São “terra de ninguém” — a saúde diz que a tutela é da Segurança Social porque
os lares de idosos são estabelecimentos residenciais, não de saúde, enquanto a
Segurança Social alega que o que está em causa na pandemia de covid-19 são
cuidados de saúde, acentua.
Mas, com o surto
epidémico a avançar em Portugal e a atingir os lares de idosos, em 24 de Abril
passado a ministra da Saúde determinou, por despacho, que os doentes com
covid-19 residentes nestas estruturas e cuja situação clínica não exija
internamento hospitalar passariam a ser acompanhados diariamente pelos médicos
de família e pelos enfermeiros dos respectivos agrupamentos de centros de
saúde, em articulação com os hospitais da sua área de referência.
Foi a resposta à
União de Misericórdias Portuguesas (UMP) e à Confederação Nacional de
Instituições Particulares de Solidariedade Social (CNIS), que avisaram que os
idosos e as pessoas com deficiência podiam ter que vir a ser retirados dos
lares, por causa da escassez de funcionários e da falta de preparação para
lidarem com o novo coronavírus.
Esta segunda-feira
o presidente da União de Misericórdias Portuguesas (UMP), Manuel Lemos, ainda
veio deitar mais achas para a fogueira ao revelar outro caso de alegada recusa
de apoio médico num lar da Santa Casa da Misericórdia do Barreiro. Manuel Lemos
disse que “médicos do centro de saúde do Barreiro” se terão “recusado a dar
apoio” no lar São João, onde um surto de covid-19 infectou mais de meia centena
de utentes e funcionários e provocou três mortes no início deste mês.
“Os médicos [do
centro de saúde do Barreiro] não explicitaram as razões para a [alegada]

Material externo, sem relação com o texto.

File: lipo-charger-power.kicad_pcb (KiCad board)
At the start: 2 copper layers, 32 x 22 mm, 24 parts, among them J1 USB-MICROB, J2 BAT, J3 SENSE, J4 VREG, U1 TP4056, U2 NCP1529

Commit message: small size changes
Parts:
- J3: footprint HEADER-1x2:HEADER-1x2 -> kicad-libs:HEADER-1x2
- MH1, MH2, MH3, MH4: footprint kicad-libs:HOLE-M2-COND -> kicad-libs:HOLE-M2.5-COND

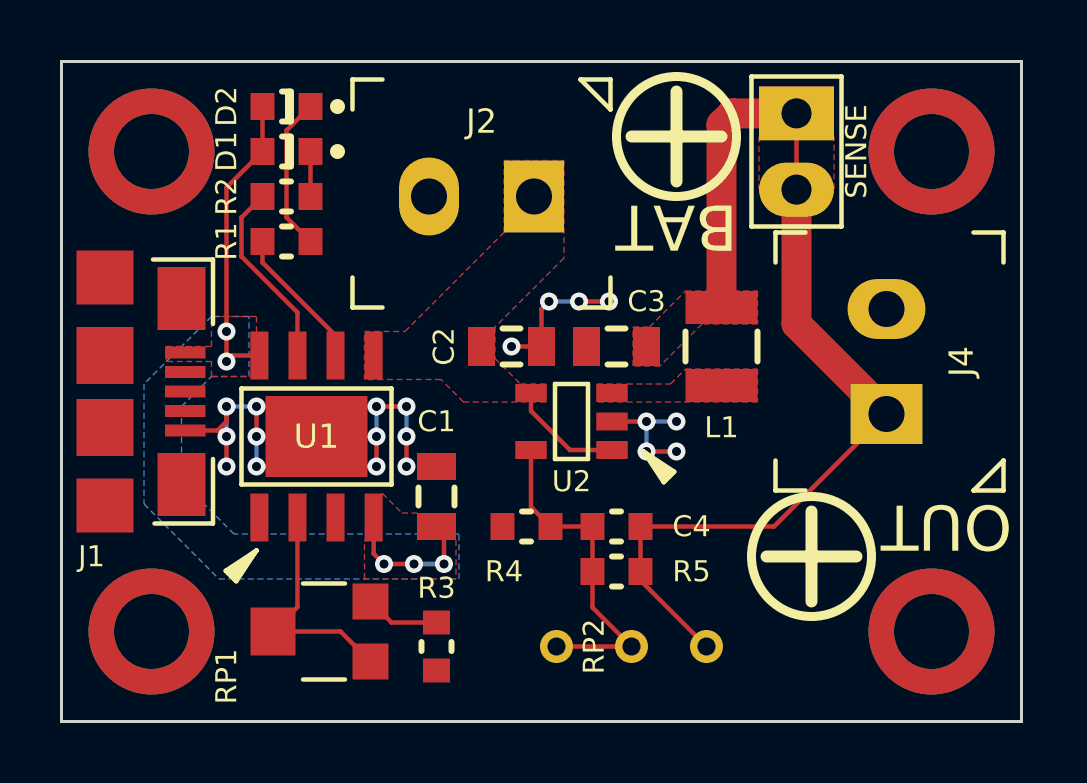
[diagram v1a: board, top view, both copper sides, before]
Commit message: add part numbers
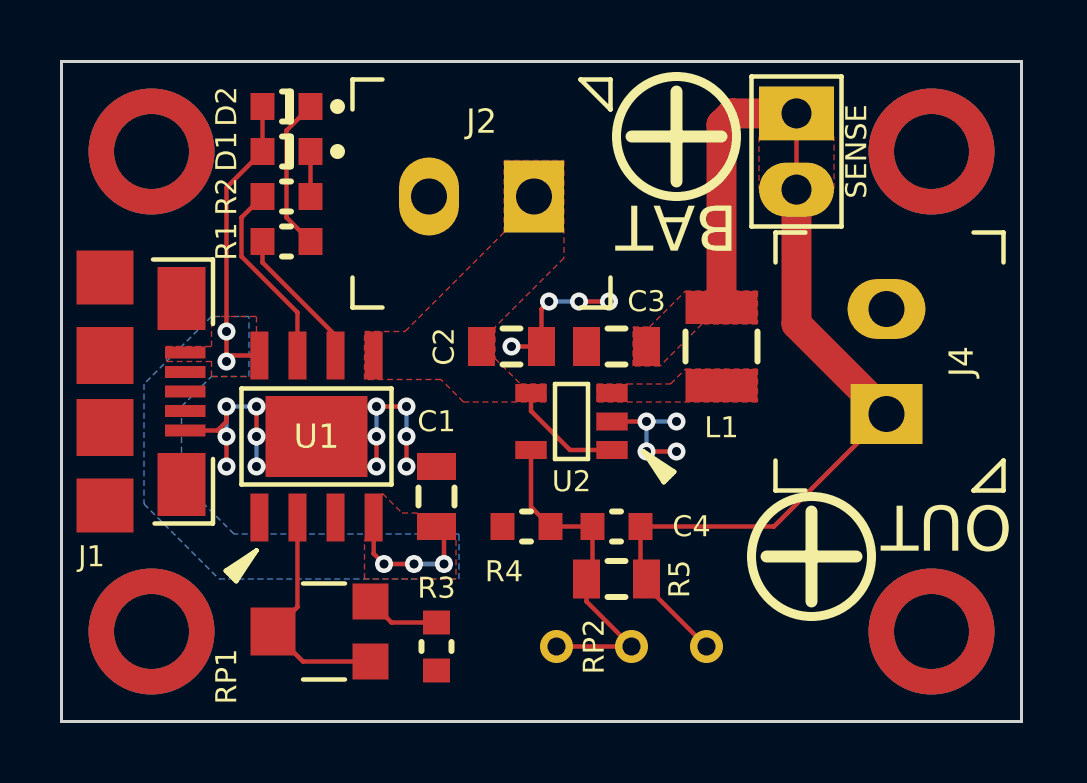
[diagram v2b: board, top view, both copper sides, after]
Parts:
- R5: footprint SMD-1608:SMD-1608 -> SMD-2012:SMD-2012
- moved R5 0.25 mm to (136.5, 104.2)
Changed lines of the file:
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@@
     (links 50)
     (no_connects 0)
-    (area 117.949999 86.949999 150.050001 109.050001)
+    (area 114.27262 86.285 151.653572 109.225001)
     (thickness 1.6)
     (drawings 14)
-    (tracks 102)
+    (tracks 105)
     (zones 0)
     (modules 24)
@@
       (drillshape 0)
       (scaleselection 1)
-      (outputdirectory ""))
+      (outputdirectory fab/))
   )
   (net 0 "")
@@
       (net 2 PGND))
   )
-  (module SMD-1608:SMD-1608 (layer F.Cu)
-    (at 136.5 104 270)
-    (fp_text reference R5 (at 0 -2.5 360) (layer F.SilkS)
-      (effects (font (size 0.7 0.7) (thickness 0.15)))
-    )
-    (fp_text value "1.15M 1%" (at 1.35 0 360) (layer F.SilkS) hide
-      (effects (font (size 0.7 0.7) (thickness 0.15)))
-    )
-    (fp_line (start 0.75 1.5) (end 0.75 -1.5) (layer Cmts.User) (width 0.05))
-    (fp_line (start 0.75 -1.5) (end -0.75 -1.5) (layer Cmts.User) (width 0.05))
-    (fp_line (start -0.75 -1.5) (end -0.75 1.5) (layer Cmts.User) (width 0.05))
-    (fp_line (start -0.75 1.5) (end 0.75 1.5) (layer Cmts.User) (width 0.05))
-    (fp_line (start -0.5 -0.15) (end -0.5 0.15) (layer F.SilkS) (width 0.2))
-    (fp_line (start 0.5 -0.15) (end 0.5 0.15) (layer F.SilkS) (width 0.2))
-    (pad 1 smd rect (at 0 -0.8 270) (size 0.9 0.8) (layers F.Cu F.Paste F.Mask)
-      (net 4 /VREG))
-    (pad 2 smd rect (at 0 0.8 270) (size 0.9 0.8) (layers F.Cu F.Paste F.Mask)
-      (net 13 "Net-(C4-Pad1)"))
-  )
   (module kicad-libs:SMD-POT-3831 (layer F.Cu)
     (at 126.5 106 90)
@@
     (pad 1 thru_hole circle (at 0 0) (size 2.5 2.5) (drill 2.5) (layers *.Cu)
       (net 10 "Net-(MH4-Pad1)") (clearance 0.2) (zone_connect 2))
+  )
+  (module SMD-2012:SMD-2012 (layer F.Cu)
+    (at 136.5 104.25 270)
+    (fp_text reference R5 (at 0 -2.1 270) (layer F.SilkS)
+      (effects (font (size 0.7 0.7) (thickness 0.15)))
+    )
+    (fp_text value "1.15M 1%" (at 1.525 0 360) (layer F.SilkS) hide
+      (effects (font (size 0.7 0.7) (thickness 0.15)))
+    )
+    (fp_line (start -0.6 0.3) (end -0.6 -0.3) (layer F.SilkS) (width 0.2))
+    (fp_line (start 0.6 -0.3) (end 0.6 0.3) (layer F.SilkS) (width 0.2))
+    (fp_line (start 0.9 -1.7) (end 0.9 1.7) (layer Cmts.User) (width 0.05))
+    (fp_line (start 0.9 1.7) (end -0.9 1.7) (layer Cmts.User) (width 0.05))
+    (fp_line (start -0.9 1.7) (end -0.9 -1.7) (layer Cmts.User) (width 0.05))
+    (fp_line (start -0.9 -1.7) (end 0.9 -1.7) (layer Cmts.User) (width 0.05))
+    (pad 1 smd rect (at 0 -1 270) (size 1.3 0.9) (layers F.Cu F.Paste F.Mask)
+      (net 4 /VREG))
+    (pad 2 smd rect (at 0 1 270) (size 1.3 0.9) (layers F.Cu F.Paste F.Mask)
+      (net 13 "Net-(C4-Pad1)"))
   )
   (gr_text ")satellite(" (at 138 104.25) (layer B.Mask)
@@
   (segment (start 142.5 95.75) (end 145.5 98.75) (width 1) (layer F.Cu) (net 4))
   (segment (start 142.5 91.27) (end 142.5 95.75) (width 1) (layer F.Cu) (net 4))
-  (segment (start 137.3 104.3) (end 139.5 106.5) (width 0.15) (layer F.Cu) (net 4))
   (segment (start 137.3 104) (end 137.3 104.3) (width 0.15) (layer F.Cu) (net 4))
-  (segment (start 137.3 104) (end 137.3 102.5) (width 0.15) (layer F.Cu) (net 4))
   (segment (start 141.75 102.5) (end 137.3 102.5) (width 0.15) (layer F.Cu) (net 4))
   (segment (start 145.5 98.75) (end 141.75 102.5) (width 0.15) (layer F.Cu) (net 4))
   (segment (start 142.5 88.73) (end 142.5 91.27) (width 0.15) (layer F.Cu) (net 4))
+  (segment (start 137.3 104.05) (end 137.5 104.25) (width 0.15) (layer F.Cu) (net 4))
+  (segment (start 137.3 102.5) (end 137.3 104.05) (width 0.15) (layer F.Cu) (net 4))
+  (segment (start 137.5 104.5) (end 139.5 106.5) (width 0.15) (layer F.Cu) (net 4))
+  (segment (start 137.5 104.25) (end 137.5 104.5) (width 0.15) (layer F.Cu) (net 4))
   (segment (start 126.3 91.5) (end 126.3 90) (width 0.15) (layer F.Cu) (net 5))
   (segment (start 125.5 92.2) (end 125.5 89.3) (width 0.15) (layer F.Cu) (net 6))
@@
   (segment (start 134.3 102.5) (end 133.65 101.85) (width 0.15) (layer F.Cu) (net 13))
   (segment (start 134.3 102.5) (end 135.7 102.5) (width 0.15) (layer F.Cu) (net 13))
-  (segment (start 135.7 102.5) (end 135.7 104) (width 0.15) (layer F.Cu) (net 13))
   (segment (start 134.5 106.5) (end 137 106.5) (width 0.15) (layer F.Cu) (net 13))
-  (segment (start 135.7 105.2) (end 137 106.5) (width 0.15) (layer F.Cu) (net 13))
-  (segment (start 135.7 104) (end 135.7 105.2) (width 0.15) (layer F.Cu) (net 13))
+  (segment (start 135.7 104.05) (end 135.5 104.25) (width 0.15) (layer F.Cu) (net 13))
+  (segment (start 135.7 102.5) (end 135.7 104.05) (width 0.15) (layer F.Cu) (net 13))
+  (segment (start 135.5 105) (end 137 106.5) (width 0.15) (layer F.Cu) (net 13))
+  (segment (start 135.5 104.25) (end 135.5 105) (width 0.15) (layer F.Cu) (net 13))
   (segment (start 125.865 105.185) (end 125.05 106) (width 0.15) (layer F.Cu) (net 14))
   (segment (start 125.865 102.2) (end 125.865 105.185) (width 0.15) (layer F.Cu) (net 14))
-  (segment (start 127.3 106) (end 128.3 107) (width 0.15) (layer F.Cu) (net 14))
-  (segment (start 125.05 106) (end 127.3 106) (width 0.15) (layer F.Cu) (net 14))
+  (segment (start 126.05 107) (end 128.3 107) (width 0.15) (layer F.Cu) (net 14))
+  (segment (start 125.05 106) (end 126.05 107) (width 0.15) (layer F.Cu) (net 14))
   (segment (start 124.7 93.7) (end 124.7 93) (width 0.15) (layer F.Cu) (net 15))
   (segment (start 127.135 96.135) (end 124.7 93.7) (width 0.15) (layer F.Cu) (net 15))

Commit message: update
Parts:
- C1, C2, C3, R5: footprint SMD-2012:SMD-2012 -> kicad-libs:SMD-2012
- C4, R1, R2, R3, R4: footprint SMD-1608:SMD-1608 -> kicad-libs:SMD-1608
- U2: footprint sot-23-5:SOT-23-5 -> kicad-libs:SOT-23-5

recusa. Foi a provedora da Santa Casa de Misericórdia do Barreiro que nos
comunicou a situação na semana passada e nós não queremos ser acusados do crime
de omissão de auxílio”, afirmou Manuel Lemos, à saída de uma reunião com o
bastonário da OM.
Manuel Lemos
explicou que pediu a reunião com Miguel Guimarães para lhe fazer um apelo
— o de “sensibilizar” os profissionais
para que “não deixem as pessoas sem médicos nos lares das misericórdias”. E
isto porque a alternativa seria “transferi-los para os hospitais” onde correm
maiores riscos.
“Não sei de nada”
sobre o caso do Barreiro, reagiu o bastonário, defendendo que essa situação tem
que ser enquadrada e esclarecida. “Os médicos de família estão a fazer um trabalho
extraordinário” que passa por seguir milhares de doentes com covid-19 que não
necessitam de internamento hospitalar, frisou.